Let $A=\dfrac{k[x,y_a\mid a\in k]}{((x-a)y_a\mid a\in k)}$ and $X=\spec A$.

We have surjections \begin{align*} A&\to\dfrac{A}{(y_a\mid a\in k)}\\ A&\to\dfrac{A}{(x-b,y_a\mid a\in k\setminus\{b\})},\quad b\in k, \end{align*} that give rise, respectively, to closed subschemes \begin{align*} \spec k[x]\cong H\to X\\ \spec k[y_b]\cong V_b\to X \end{align*}

Geometrically, $X$ is a copy of $\mathbb{A}_k^1\cong H$ to which we have glued the origin of $\mathbb{A}_k^1\cong V_a$ at each point $a\in H$. More precisely, on $k$-rational points, we have that $X(k)= k\times k$, where $H(k)$ and $V_a(k)$ correspond respectively to $k\times\{0\}$ and $\{a\}\times k$, as subsets of $X(k)$ (here, ‘$H$’ and ‘$V$’ stand for ‘horizontal’ and ‘vertical’; a drawing for $k=\mathbb{R}$ may elucidate why).

We note that $H$ plus the $V_a$'s cover $X$ (later, we will only need $X(k)=H(k)\cup\bigcup_{a\in k}V_a(k)$): suppose $z\in X$ does not lie in $H=\sV(y_a\mid a\in k)$. Denote $\frp\subset A$ to the associated prime of $z$. Then $y_b\notin\frp$, for some $b\in k$, whence $x-b\in\frp$ (since $(x-b)y_b=0$ in $A$). Thus, $x-a\notin\frp$ for all $a\in k\setminus\{b\}$; hence, $y_a\in\frp$ for all $a\not = b$. In other words, $\frp\supset(x-b,y_a\mid a\in k)$, i.e., $z\in V_b$.

We claim that the irreducible components of $X(k)$ are exactly $H(k)$ and $V_a(k)$, $a\in k$. Hence, we would have a counterexample. It suffices to verify the hypotheses of the lemma here (since $|k|=\infty$):

  1. $V_a(k)$ is closed and $V_a'(k):=D(y_a)(k)$ is open.

  2. The subspaces $H(k)$ and $V_a(k)$ have the cofinite topology (they are homeomorphic to $\bbA_k^1(k)$).
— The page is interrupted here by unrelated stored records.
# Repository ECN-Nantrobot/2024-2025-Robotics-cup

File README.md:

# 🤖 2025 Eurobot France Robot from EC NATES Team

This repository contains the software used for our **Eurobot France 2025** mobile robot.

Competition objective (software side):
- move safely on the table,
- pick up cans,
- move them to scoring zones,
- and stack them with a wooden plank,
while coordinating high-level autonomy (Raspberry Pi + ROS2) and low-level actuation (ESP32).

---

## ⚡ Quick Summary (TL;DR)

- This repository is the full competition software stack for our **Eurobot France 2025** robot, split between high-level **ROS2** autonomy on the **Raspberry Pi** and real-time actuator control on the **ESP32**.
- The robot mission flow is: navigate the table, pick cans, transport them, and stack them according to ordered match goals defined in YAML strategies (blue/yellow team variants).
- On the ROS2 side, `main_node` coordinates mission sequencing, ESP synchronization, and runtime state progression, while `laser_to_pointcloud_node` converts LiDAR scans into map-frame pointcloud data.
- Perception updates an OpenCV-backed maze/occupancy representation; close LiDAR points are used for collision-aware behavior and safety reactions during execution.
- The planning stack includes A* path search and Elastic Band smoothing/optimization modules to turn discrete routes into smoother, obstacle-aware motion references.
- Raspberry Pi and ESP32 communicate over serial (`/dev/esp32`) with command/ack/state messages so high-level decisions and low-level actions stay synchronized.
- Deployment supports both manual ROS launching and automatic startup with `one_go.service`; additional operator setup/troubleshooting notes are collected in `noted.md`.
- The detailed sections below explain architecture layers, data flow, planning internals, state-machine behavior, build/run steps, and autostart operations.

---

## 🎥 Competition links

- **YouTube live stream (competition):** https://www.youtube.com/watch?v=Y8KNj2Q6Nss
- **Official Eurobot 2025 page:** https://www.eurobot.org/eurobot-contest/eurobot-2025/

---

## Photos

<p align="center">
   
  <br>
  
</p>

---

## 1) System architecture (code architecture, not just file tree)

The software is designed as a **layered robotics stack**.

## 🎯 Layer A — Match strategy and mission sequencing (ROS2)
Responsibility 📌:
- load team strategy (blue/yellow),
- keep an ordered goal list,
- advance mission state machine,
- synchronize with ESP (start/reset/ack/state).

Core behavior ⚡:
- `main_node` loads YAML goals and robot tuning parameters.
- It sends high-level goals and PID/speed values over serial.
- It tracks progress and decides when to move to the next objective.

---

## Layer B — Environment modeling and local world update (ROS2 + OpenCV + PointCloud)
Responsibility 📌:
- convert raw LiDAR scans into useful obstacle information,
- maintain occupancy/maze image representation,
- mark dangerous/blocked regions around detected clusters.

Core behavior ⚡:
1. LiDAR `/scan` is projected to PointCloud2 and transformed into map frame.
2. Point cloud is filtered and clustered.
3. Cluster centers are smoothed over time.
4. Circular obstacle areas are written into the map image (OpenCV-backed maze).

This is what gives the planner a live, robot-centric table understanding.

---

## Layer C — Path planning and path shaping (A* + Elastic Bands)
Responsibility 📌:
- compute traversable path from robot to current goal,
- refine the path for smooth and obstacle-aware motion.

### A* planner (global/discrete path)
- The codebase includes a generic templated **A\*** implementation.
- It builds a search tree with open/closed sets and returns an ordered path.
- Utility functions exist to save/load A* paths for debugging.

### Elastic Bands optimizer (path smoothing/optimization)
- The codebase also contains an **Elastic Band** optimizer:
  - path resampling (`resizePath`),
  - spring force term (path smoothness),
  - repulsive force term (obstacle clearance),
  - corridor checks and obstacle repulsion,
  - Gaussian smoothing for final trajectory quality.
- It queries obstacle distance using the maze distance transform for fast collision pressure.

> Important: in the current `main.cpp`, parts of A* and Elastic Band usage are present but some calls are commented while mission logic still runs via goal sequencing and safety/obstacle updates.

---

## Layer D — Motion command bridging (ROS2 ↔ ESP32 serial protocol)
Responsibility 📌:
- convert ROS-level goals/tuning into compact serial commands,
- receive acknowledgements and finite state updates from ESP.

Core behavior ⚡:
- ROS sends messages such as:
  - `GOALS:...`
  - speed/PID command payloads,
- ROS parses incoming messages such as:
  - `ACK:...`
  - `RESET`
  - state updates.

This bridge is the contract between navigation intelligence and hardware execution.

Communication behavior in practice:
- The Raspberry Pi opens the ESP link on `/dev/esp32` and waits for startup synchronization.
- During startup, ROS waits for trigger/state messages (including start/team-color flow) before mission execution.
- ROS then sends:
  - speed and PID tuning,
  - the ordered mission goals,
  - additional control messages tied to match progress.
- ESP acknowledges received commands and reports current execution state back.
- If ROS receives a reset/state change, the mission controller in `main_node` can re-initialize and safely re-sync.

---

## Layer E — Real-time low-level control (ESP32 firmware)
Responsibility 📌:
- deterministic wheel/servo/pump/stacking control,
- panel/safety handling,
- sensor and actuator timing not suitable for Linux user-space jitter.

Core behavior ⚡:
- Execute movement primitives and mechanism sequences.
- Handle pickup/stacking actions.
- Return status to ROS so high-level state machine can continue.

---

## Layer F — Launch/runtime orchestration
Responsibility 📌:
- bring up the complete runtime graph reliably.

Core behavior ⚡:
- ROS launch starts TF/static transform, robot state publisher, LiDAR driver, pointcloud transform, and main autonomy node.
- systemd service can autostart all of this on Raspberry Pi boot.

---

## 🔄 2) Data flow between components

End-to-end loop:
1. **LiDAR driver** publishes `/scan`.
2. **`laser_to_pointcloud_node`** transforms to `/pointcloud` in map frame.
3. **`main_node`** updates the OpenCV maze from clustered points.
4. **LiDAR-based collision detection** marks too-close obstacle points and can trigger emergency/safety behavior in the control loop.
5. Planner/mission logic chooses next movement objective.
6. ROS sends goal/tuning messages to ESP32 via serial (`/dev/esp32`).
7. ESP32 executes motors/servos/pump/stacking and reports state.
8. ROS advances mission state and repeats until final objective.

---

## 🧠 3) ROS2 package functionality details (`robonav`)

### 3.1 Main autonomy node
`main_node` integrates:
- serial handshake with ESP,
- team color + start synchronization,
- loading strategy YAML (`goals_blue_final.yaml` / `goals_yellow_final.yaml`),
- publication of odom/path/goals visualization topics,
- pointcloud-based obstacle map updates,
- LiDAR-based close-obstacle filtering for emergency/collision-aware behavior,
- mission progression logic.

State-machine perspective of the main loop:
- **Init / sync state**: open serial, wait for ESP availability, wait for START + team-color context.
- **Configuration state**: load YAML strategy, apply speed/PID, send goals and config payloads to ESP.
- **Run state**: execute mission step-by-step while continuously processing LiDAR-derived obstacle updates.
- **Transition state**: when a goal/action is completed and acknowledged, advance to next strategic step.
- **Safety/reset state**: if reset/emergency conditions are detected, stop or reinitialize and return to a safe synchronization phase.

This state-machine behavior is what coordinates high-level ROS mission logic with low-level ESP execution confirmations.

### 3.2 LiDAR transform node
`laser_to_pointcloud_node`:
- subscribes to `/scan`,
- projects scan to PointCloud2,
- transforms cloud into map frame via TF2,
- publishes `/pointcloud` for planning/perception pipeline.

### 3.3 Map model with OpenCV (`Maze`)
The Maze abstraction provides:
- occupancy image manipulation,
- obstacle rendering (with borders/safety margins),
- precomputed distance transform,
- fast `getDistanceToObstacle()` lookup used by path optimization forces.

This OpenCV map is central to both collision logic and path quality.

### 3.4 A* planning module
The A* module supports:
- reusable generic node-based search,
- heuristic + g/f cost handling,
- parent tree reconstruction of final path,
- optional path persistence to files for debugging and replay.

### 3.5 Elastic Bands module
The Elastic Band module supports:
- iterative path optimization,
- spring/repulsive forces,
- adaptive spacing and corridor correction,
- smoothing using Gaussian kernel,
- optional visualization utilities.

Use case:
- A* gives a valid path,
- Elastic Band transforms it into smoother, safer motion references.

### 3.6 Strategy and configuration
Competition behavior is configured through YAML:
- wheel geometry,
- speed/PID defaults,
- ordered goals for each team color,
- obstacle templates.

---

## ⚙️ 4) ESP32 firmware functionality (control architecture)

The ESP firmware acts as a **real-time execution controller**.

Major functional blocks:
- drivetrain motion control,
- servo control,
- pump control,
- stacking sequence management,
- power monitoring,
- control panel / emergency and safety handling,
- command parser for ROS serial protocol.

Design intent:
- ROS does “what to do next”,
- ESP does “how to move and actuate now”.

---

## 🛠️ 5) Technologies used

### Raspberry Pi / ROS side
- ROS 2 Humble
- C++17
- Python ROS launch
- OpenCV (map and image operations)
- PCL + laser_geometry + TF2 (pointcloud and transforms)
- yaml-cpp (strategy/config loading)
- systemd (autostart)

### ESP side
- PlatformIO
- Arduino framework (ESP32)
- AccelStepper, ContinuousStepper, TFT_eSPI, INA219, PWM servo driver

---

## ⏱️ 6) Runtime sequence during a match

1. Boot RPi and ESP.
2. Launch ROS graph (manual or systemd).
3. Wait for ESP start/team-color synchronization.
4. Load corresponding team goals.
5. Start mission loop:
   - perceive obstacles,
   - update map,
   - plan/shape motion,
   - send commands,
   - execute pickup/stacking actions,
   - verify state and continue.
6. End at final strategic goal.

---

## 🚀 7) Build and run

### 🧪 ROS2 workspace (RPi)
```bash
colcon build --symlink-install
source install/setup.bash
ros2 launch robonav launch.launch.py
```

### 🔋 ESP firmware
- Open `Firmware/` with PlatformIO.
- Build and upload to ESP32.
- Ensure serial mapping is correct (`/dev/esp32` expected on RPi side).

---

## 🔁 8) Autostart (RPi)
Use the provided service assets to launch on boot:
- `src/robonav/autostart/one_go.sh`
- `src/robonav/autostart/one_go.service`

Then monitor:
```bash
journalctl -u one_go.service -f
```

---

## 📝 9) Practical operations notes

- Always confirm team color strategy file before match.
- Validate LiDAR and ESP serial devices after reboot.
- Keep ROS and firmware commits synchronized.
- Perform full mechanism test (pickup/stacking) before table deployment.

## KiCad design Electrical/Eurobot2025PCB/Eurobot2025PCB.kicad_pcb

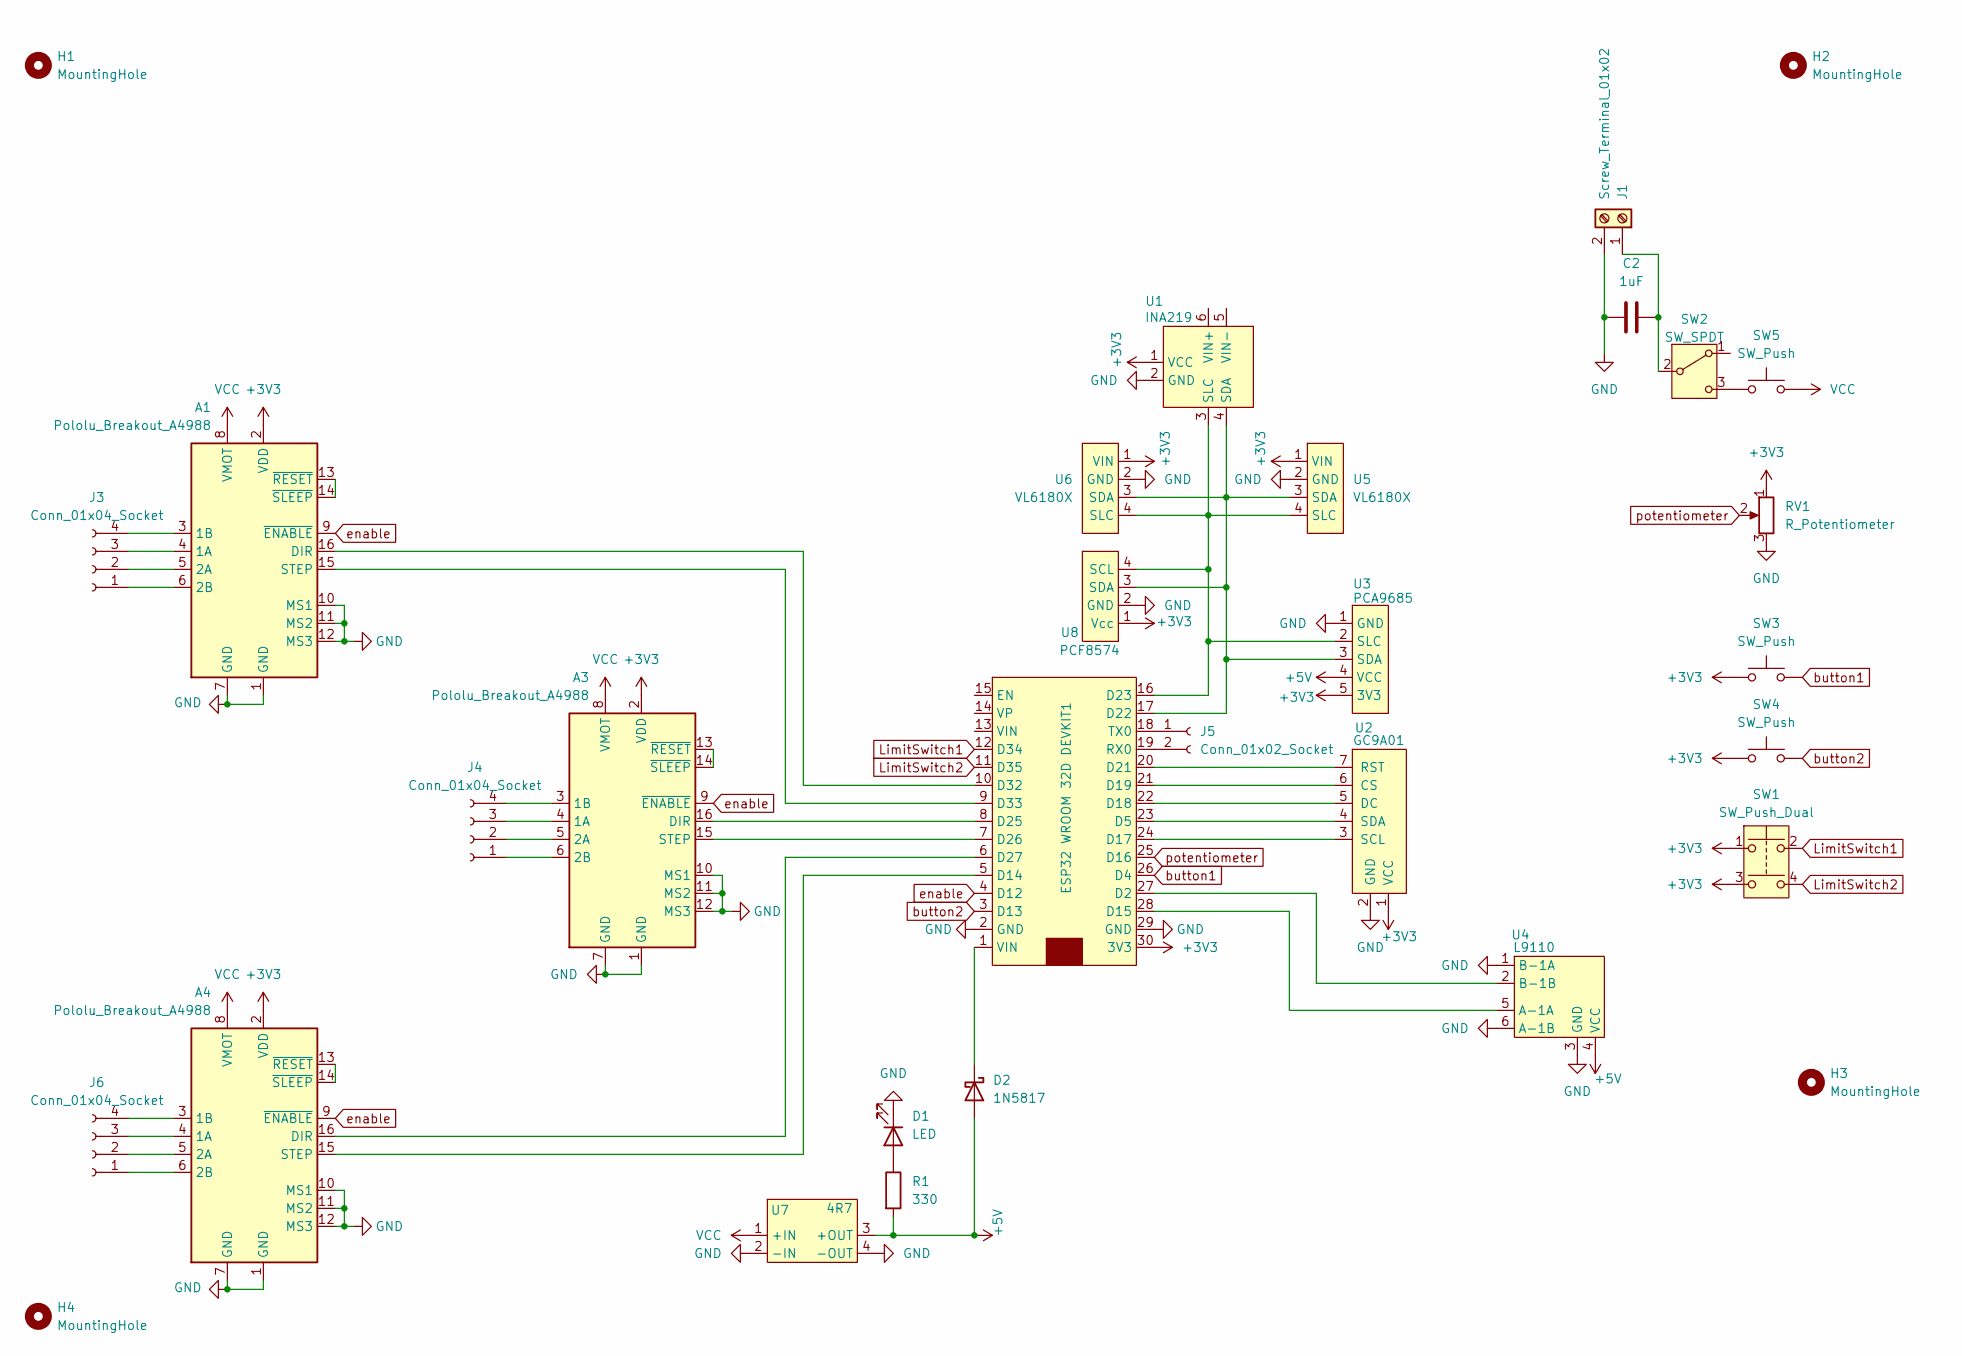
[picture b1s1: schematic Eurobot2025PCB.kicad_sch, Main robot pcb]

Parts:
A1, A3, A4: Pololu_Breakout_A4988; A4988
C2: 1uF; C_Radial_D5.0mm_H11.0mm_P2.00mm
D1: LED; LED_D5.0mm
D2: 1N5817; D_DO-41_SOD81_P10.16mm_Horizontal
ESP32 WROOM 32D DEVKIT1: ESP32 WROOM 32D
H1, H2, H3, H4: MountingHole; MountingHole_3.2mm_M3
J1: Screw_Terminal_01x02; TerminalBlock_MetzConnect_Type059_RT06302HBWC_1x02_P3.50mm_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
J3, J4, J6: Conn_01x04_Socket; JST_XH_B4B-XH-A_1x04_P2.50mm_Vertical
J5: Conn_01x02_Socket; PinHeader_1x02_P2.54mm_Vertical
R1: 330; R_Axial_DIN0207_L6.3mm_D2.5mm_P10.16mm_Horizontal
RV1: R_Potentiometer; PinHeader_1x03_P2.54mm_Vertical
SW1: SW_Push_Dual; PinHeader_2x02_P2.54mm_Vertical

  3. We show that $H(k)$ is an irreducible component of $X(k)$: suppose $Z\subset X(k)$ is a closed irreducible subset containing $H(k)$. Note that $Z$ does not contain $V_a(k)$ (if it did, then $Z=V_a(k)\cup (Z\setminus V_a'(k))$ is a union of closed proper subsets); hence, $Z\cap V_a(k)$ is finite. We want to show that $Z=H(k)$. To look for a contradiction, suppose there is $z\in Z\setminus H(k)$, i.e., $z\in Z\cap V_a'(k)$, for some $a\in k$. It suffices to see that $Z\setminus\{z\}$ is closed in $X(k)$ (for $Z=(Z\setminus\{z\})\cup\{z\}$ and $X(k)$ is $\mathrm{T}_1$). Write $Z\cap V_a'(k)=\{(a,b_1),\dots,(a,b_n)\}$, and suppose $z=(a,b_1)$. Then $Z\setminus\{z\}=Z\cap \sV(y_a(y_a-b_2)\cdots(y_a-b_n))$ is closed.


¹Set-theoretically speaking, the intersection of $H$ with $V_a$ is $(a,0)$ (i.e., the prime $(x-a,y_a\mid a\in k)\subset A$), which is $k$-rational, so $H\cap V_a=(H\cap V_a)(k)=H(k)\cap V_a(k)$.